Через час сборы были закончены. Инбихлер отобрал лучшее имущество изгнанников: не только ценную мебель и все серебро, но и все украшения женщин, ценные бумаги и деньги — ведь каждого из них, в том числе Фюрста, раздевали до рубашки и бесцеремонно обыскивали. Раввин перенес это унижение, усугублявшееся издевательскими насмешками молодчиков в коричневых рубашках, совершенно равнодушно, с отсутствующим видом, так что Феликс чуть ли не с досадой подумал: «Я бы постоял за себя!» Единственное, что Инбихлер пропустил без проверки, небрежным разрешающим жестом, были книги. Но поскольку Инбихлер выразился в том смысле, что «все должно быть в порядке» и что «немцы — это организованность», он сделал подробную опись всех задержанных вещей, отчего грабеж средь бела дня был возведен в ранг законной государственно-политической акции.

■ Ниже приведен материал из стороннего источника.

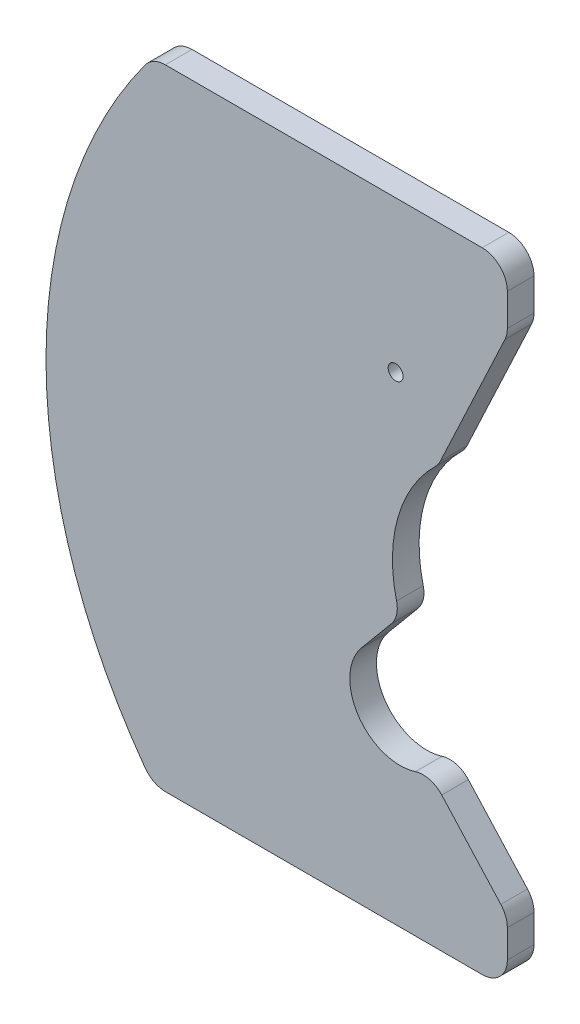
SolidWorks part; units mm, degrees
material "6061 Alloy"
ref_plane "Front Plane" through (0, 0, 0) normal (0, 0, 1) x (1, 0, 0)
ref_plane "Top Plane" through (0, 0, 0) normal (0, 1, 0) x (1, 0, 0)
ref_plane "Right Plane" through (0, 0, 0) normal (1, 0, 0) x (0, 0, -1)
other "Bounding Box"
ref_plane "Default Plane" through (-70.1042, 37.5, 0) normal (1, 0, 0) x (0, 0, -1)
sketch "Sketch1" plane through (0, 0, 0) normal (0, 0, 1) x (1, 0, 0)
  line L0 (-57.3874, 37.5) -> (-15.1374, 37.5)
  line L4 (-15.1374, -37.5) -> (-57.359, -37.5)
  line L16 (-15.1374, 37.5) -> (-15.1374, 30)
  line L19 (-15.1374, -37.5) -> (-15.1374, -30)
  line L30 (-15.1374, 30) -> (-23.3533, 12.4906)
  line L31 (-27.9226, -5.4668) -> (-32.5192, -10.9795)
  line L32 (-15.1374, -30) -> (-24.4542, -19.7261)
  arc A0 (-57.3874, 37.5) -> (-57.359, -37.5) centre (-8.5092, 0.0185) ccw
  circle A1 centre (-28.4483, 19.5) radius 0.889
  arc A6 (-23.3533, 12.4906) -> (-27.9226, -5.4668) centre (-11.8362, 0) ccw
  arc A9 (-32.5192, -10.9795) -> (-24.4542, -19.7261) centre (-27.9109, -14.8219) ccw
  dimension "D1" = 1.778
  dimension "D4" = 7.5
  dimension "D8" = 61.595
  dimension "D2" = 18
  dimension "D3" = 42.25
  dimension "D6" = 7.5
extrude "Boss-Extrude1" add sketch "Sketch1" along normal blind 3.175
fillet "Fillet1" radius 3 9 edges at (-15.1374, 37.5, 1.5875) (-57.3874, 37.5, 1.5875) (-57.359, -37.5, 1.5875) (-15.1374, -37.5, 1.5875) (-15.1374, -30, 1.5875) (-24.4542, -19.7261, 1.5875) (-27.9226, -5.4668, 1.5875) (-23.3533, 12.4906, 1.5875) (-15.1374, 30, 1.5875)
sketch "Sketch3" plane through (0, 0, 3.175) normal (0, 0, -1) x (-1, 0, 0)
  line L7 (18.1374, -37.5) -> (55.8573, -37.5)
  line L8 (18.1374, -37.5) -> (55.8573, -37.5)
  line L9 (55.8842, 37.5) -> (18.1374, 37.5)
  line L10 (55.8842, 37.5) -> (18.1374, 37.5)
  line L11 (15.4215, 29.3945) -> (23.1139, 13.0007)
  line L12 (47.4694, -37.5) -> (30.2173, -37.5)
  line L13 (45.8527, 37.5) -> (30.2173, 37.5)
  line L14 (15.4215, 29.3945) -> (23.1139, 13.0007)
  line L15 (28.9444, -6.6922) -> (32.5192, -10.9795)
  line L16 (28.9444, -6.6922) -> (32.5192, -10.9795)
  line L17 (22.9535, -21.3809) -> (15.9151, -29.1424)
  line L18 (22.9535, -21.3809) -> (15.9151, -29.1424)
  line L20 (15.1374, -31.1577) -> (15.1374, -34.5)
  line L23 (15.1374, 34.5) -> (15.1374, 30.6689)
  arc A0 (32.5973, -39.3264) -> (32.5973, 39.3264) centre (-18.6467, 0) ccw
  arc A14 (28.3352, -4.055) -> (23.7297, 12.1327) centre (11.8362, 0) ccw
  arc A15 (15.1374, -34.5) -> (18.1374, -37.5) centre (18.1374, -34.5) ccw
  arc A16 (15.1374, -34.5) -> (18.1374, -37.5) centre (18.1374, -34.5) ccw
  arc A17 (28.3352, -4.055) -> (23.7297, 12.1327) centre (11.8362, 0) ccw
  arc A18 (55.8573, -37.5) -> (58.2815, -36.2673) centre (55.8573, -34.5) ccw
  arc A19 (55.8573, -37.5) -> (58.2815, -36.2673) centre (55.8573, -34.5) ccw
  arc A20 (58.2815, -36.2673) -> (58.3098, 36.2654) centre (8.5092, 0.0185) ccw
  arc A21 (58.3098, 36.2654) -> (55.8842, 37.5) centre (55.8842, 34.5) ccw
  arc A29 (58.2815, -36.2673) -> (58.3098, 36.2654) centre (8.5092, 0.0185) ccw
  arc A31 (58.3098, 36.2654) -> (55.8842, 37.5) centre (55.8842, 34.5) ccw
  arc A32 (18.1374, 37.5) -> (15.1374, 34.5) centre (18.1374, 34.5) ccw
  arc A33 (18.1374, 37.5) -> (15.1374, 34.5) centre (18.1374, 34.5) ccw
  arc A35 (26.0875, -20.5381) -> (32.5192, -10.9795) centre (27.9109, -14.8219) ccw
  arc A36 (26.0875, -20.5381) -> (32.5192, -10.9795) centre (27.9109, -14.8219) ccw
  arc A42 (15.9151, -29.1424) -> (15.1374, -31.1577) centre (18.1374, -31.1577) ccw
  arc A43 (15.9151, -29.1424) -> (15.1374, -31.1577) centre (18.1374, -31.1577) ccw
  arc A44 (15.1374, 30.6689) -> (15.4215, 29.3945) centre (18.1374, 30.6689) ccw
  arc A45 (15.1374, 30.6689) -> (15.4215, 29.3945) centre (18.1374, 30.6689) ccw
  arc A46 (23.1139, 13.0007) -> (23.7297, 12.1327) centre (25.8298, 14.2751) ccw
  arc A47 (23.1139, 13.0007) -> (23.7297, 12.1327) centre (25.8298, 14.2751) ccw
  arc A48 (28.3352, -4.055) -> (28.9444, -6.6922) centre (31.2485, -4.771) ccw
  arc A49 (28.3352, -4.055) -> (28.9444, -6.6922) centre (31.2485, -4.771) ccw
  arc A50 (26.0875, -20.5381) -> (22.9535, -21.3809) centre (25.1758, -23.3962) ccw
  arc A51 (26.0875, -20.5381) -> (22.9535, -21.3809) centre (25.1758, -23.3962) ccw
  line M123 (18.1374, 37.5) -> (55.8842, 37.5)
  arc M124 (55.8842, 37.5) -> (58.3098, 36.2654) centre (55.8842, 34.5) cw
  arc M125 (58.3098, 36.2654) -> (58.2815, -36.2673) centre (8.5092, 0.0185) cw
  arc M126 (58.2815, -36.2673) -> (55.8573, -37.5) centre (55.8573, -34.5) cw
  line M127 (55.8573, -37.5) -> (18.1374, -37.5)
  dimension "D3" = 27.1559
  dimension "D1" = 0
extrude "Boss-Extrude3" [suppressed] add sketch "Sketch3" against normal blind 0.01 contours L8 A0 L13 M123 M124 M125 M126 M127

Петер Шох, усевшийся теперь рядом с водителем первого грузовика, бешено сигналил. Было четыре часа. До ночи оставалось не больше двух часов.

Штурмовики стали пинками и тумаками загонять свои жертвы на первый грузовик, где те кое-как разместились на полу. Только теперь малышам стало не по себе, и некоторые подняли пронзительный крик. Плотная толпа зрителей хранила гробовое молчание, и по любопытствующим взглядам нельзя было понять, одобряют или осуждают они происходящее. Парни Шоха уже завели свои мотоциклы. И тут капеллан Оттокар Феликс решительно шагнул к Игнацу Икбихлеру.

— Шеф, — сказал он и гордо выпрямился, — я не знаю, по приказу какого ведомства вы тут действуете и есть ли вообще какой-нибудь приказ, но обращаю ваше внимание на то, что если это ваша личная инициатива, то вы ответите за нее — завтра, послезавтра, позже — так или иначе. Всем известно, что эти люди живут здесь много веков подряд, и народ никогда на них не жаловался… В Вене и других больших городах, может быть, по-другому, но здесь это именно так… Вы их сильно напугали, шеф, это, как мне кажется, стоит наказания. Оставьте все как есть, и давайте все подождем законного решения еврейского вопроса!